* Task directions: Reproduce the lines below verbatim. Pictures are to be omitted.

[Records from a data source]

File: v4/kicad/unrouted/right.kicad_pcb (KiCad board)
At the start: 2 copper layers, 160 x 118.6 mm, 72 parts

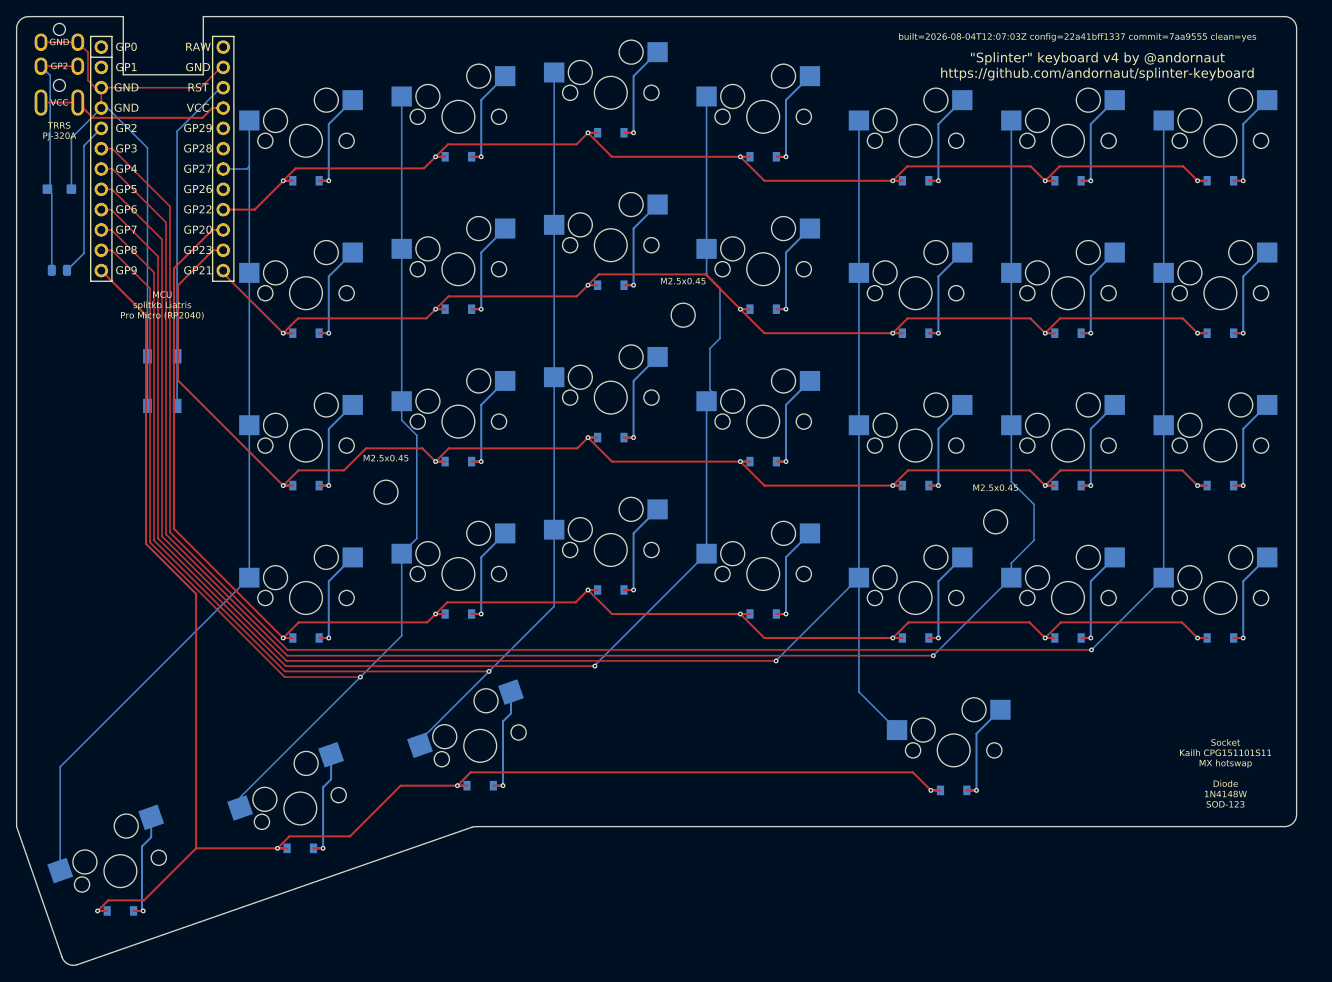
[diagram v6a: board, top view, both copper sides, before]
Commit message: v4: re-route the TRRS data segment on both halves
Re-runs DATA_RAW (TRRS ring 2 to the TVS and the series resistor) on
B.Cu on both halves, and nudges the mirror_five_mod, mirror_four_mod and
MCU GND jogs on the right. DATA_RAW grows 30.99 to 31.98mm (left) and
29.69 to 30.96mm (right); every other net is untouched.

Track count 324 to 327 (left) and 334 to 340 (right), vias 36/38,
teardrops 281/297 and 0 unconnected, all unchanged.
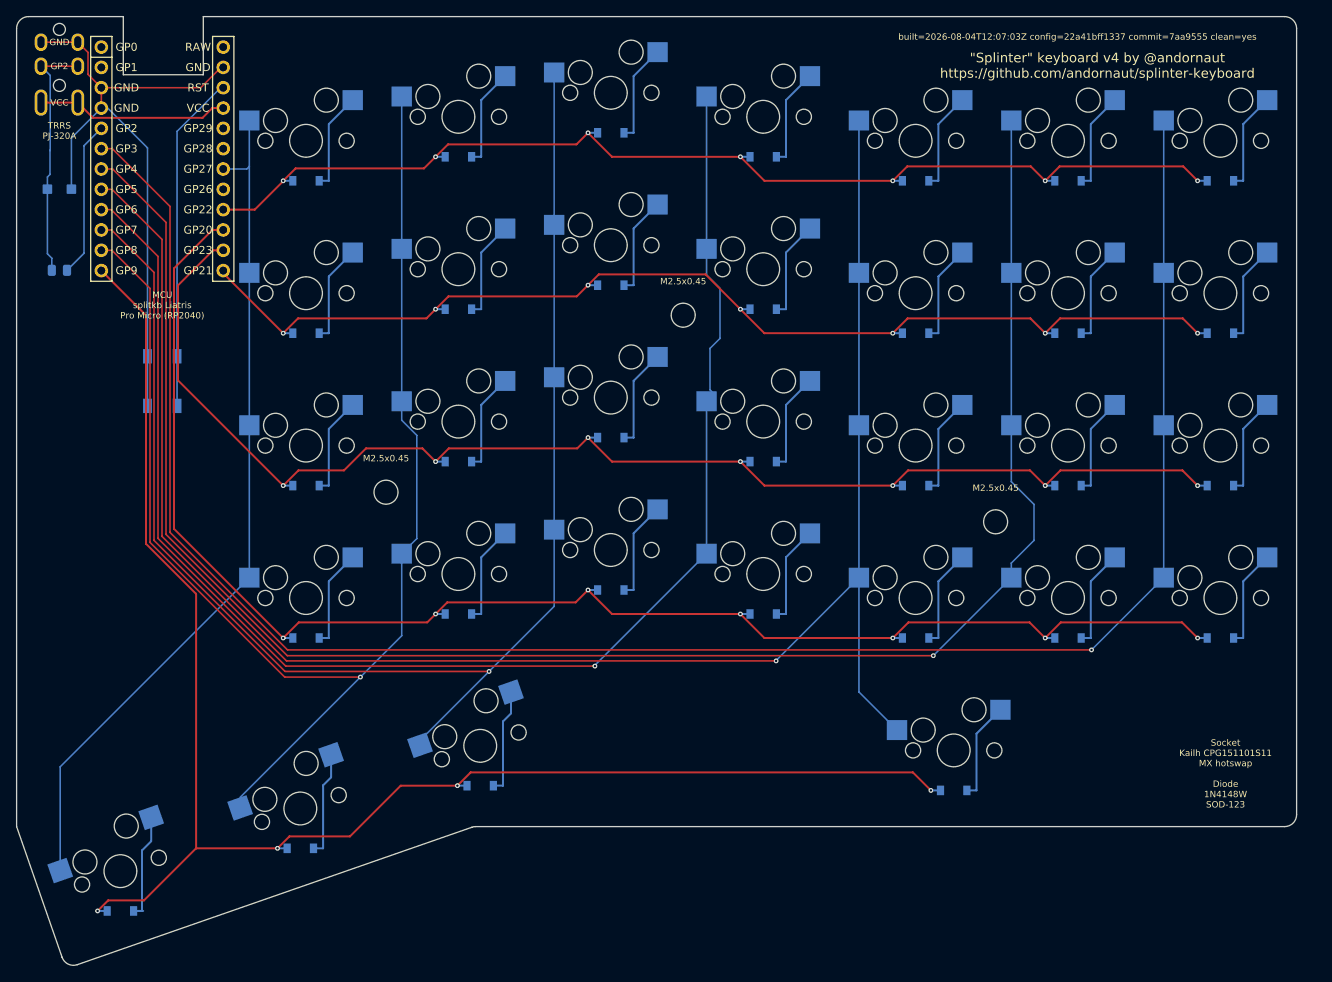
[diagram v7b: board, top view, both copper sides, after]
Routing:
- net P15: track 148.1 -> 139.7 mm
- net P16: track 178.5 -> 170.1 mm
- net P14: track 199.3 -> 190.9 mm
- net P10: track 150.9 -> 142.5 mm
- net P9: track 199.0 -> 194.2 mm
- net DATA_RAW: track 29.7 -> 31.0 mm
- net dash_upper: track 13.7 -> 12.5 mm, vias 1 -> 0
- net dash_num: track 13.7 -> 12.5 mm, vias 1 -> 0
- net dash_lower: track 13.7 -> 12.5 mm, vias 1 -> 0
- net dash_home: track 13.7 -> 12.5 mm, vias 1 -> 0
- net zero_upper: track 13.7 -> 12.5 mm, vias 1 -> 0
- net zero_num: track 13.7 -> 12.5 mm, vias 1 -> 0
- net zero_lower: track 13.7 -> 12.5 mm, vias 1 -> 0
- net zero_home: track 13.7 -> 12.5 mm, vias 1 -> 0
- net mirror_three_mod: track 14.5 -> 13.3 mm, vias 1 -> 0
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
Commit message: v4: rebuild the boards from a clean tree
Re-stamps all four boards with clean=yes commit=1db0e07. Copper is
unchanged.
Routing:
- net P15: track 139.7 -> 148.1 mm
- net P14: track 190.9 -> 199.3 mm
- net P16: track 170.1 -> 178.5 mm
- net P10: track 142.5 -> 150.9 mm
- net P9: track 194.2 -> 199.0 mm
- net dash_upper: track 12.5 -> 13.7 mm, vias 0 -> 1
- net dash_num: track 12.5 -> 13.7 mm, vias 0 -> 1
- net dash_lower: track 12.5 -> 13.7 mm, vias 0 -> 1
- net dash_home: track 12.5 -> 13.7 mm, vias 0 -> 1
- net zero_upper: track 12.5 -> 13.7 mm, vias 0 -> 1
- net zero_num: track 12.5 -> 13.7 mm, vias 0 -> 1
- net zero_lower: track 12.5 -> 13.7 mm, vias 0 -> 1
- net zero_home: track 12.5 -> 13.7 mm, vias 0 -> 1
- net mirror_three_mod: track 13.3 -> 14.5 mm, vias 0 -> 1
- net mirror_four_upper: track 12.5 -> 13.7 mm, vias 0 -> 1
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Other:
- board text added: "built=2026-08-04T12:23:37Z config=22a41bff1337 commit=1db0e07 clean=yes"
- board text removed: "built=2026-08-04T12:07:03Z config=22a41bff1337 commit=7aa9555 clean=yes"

* Answer space:
File: v4/kicad/unrouted/right.kicad_pcb (KiCad board)
At the start: 2 copper layers, 160 x 118.6 mm, 72 parts

[diagram v6a: board, top view, both copper sides, before]
Commit message: v4: re-route the TRRS data segment on both halves
Re-runs DATA_RAW (TRRS ring 2 to the TVS and the series resistor) on
B.Cu on both halves, and nudges the mirror_five_mod, mirror_four_mod and
MCU GND jogs on the right. DATA_RAW grows 30.99 to 31.98mm (left) and
29.69 to 30.96mm (right); every other net is untouched.

Track count 324 to 327 (left) and 334 to 340 (right), vias 36/38,
teardrops 281/297 and 0 unconnected, all unchanged.
[diagram v7b: board, top view, both copper sides, after]
Routing:
- net P15: track 148.1 -> 139.7 mm
- net P16: track 178.5 -> 170.1 mm
- net P14: track 199.3 -> 190.9 mm
- net P10: track 150.9 -> 142.5 mm
- net P9: track 199.0 -> 194.2 mm
- net DATA_RAW: track 29.7 -> 31.0 mm
- net dash_upper: track 13.7 -> 12.5 mm, vias 1 -> 0
- net dash_num: track 13.7 -> 12.5 mm, vias 1 -> 0
- net dash_lower: track 13.7 -> 12.5 mm, vias 1 -> 0
- net dash_home: track 13.7 -> 12.5 mm, vias 1 -> 0
- net zero_upper: track 13.7 -> 12.5 mm, vias 1 -> 0
- net zero_num: track 13.7 -> 12.5 mm, vias 1 -> 0
- net zero_lower: track 13.7 -> 12.5 mm, vias 1 -> 0
- net zero_home: track 13.7 -> 12.5 mm, vias 1 -> 0
- net mirror_three_mod: track 14.5 -> 13.3 mm, vias 1 -> 0

Commit message: v4: rebuild the boards from a clean tree
Re-stamps all four boards with clean=yes commit=1db0e07. Copper is
unchanged.
Routing:
- net P15: track 139.7 -> 148.1 mm
- net P14: track 190.9 -> 199.3 mm
- net P16: track 170.1 -> 178.5 mm
- net P10: track 142.5 -> 150.9 mm
- net P9: track 194.2 -> 199.0 mm
- net dash_upper: track 12.5 -> 13.7 mm, vias 0 -> 1
- net dash_num: track 12.5 -> 13.7 mm, vias 0 -> 1
- net dash_lower: track 12.5 -> 13.7 mm, vias 0 -> 1
- net dash_home: track 12.5 -> 13.7 mm, vias 0 -> 1
- net zero_upper: track 12.5 -> 13.7 mm, vias 0 -> 1
- net zero_num: track 12.5 -> 13.7 mm, vias 0 -> 1
- net zero_lower: track 12.5 -> 13.7 mm, vias 0 -> 1
- net zero_home: track 12.5 -> 13.7 mm, vias 0 -> 1
- net mirror_three_mod: track 13.3 -> 14.5 mm, vias 0 -> 1
- net mirror_four_upper: track 12.5 -> 13.7 mm, vias 0 -> 1
Other:
- board text added: "built=2026-08-04T12:23:37Z config=22a41bff1337 commit=1db0e07 clean=yes"
- board text removed: "built=2026-08-04T12:07:03Z config=22a41bff1337 commit=7aa9555 clean=yes"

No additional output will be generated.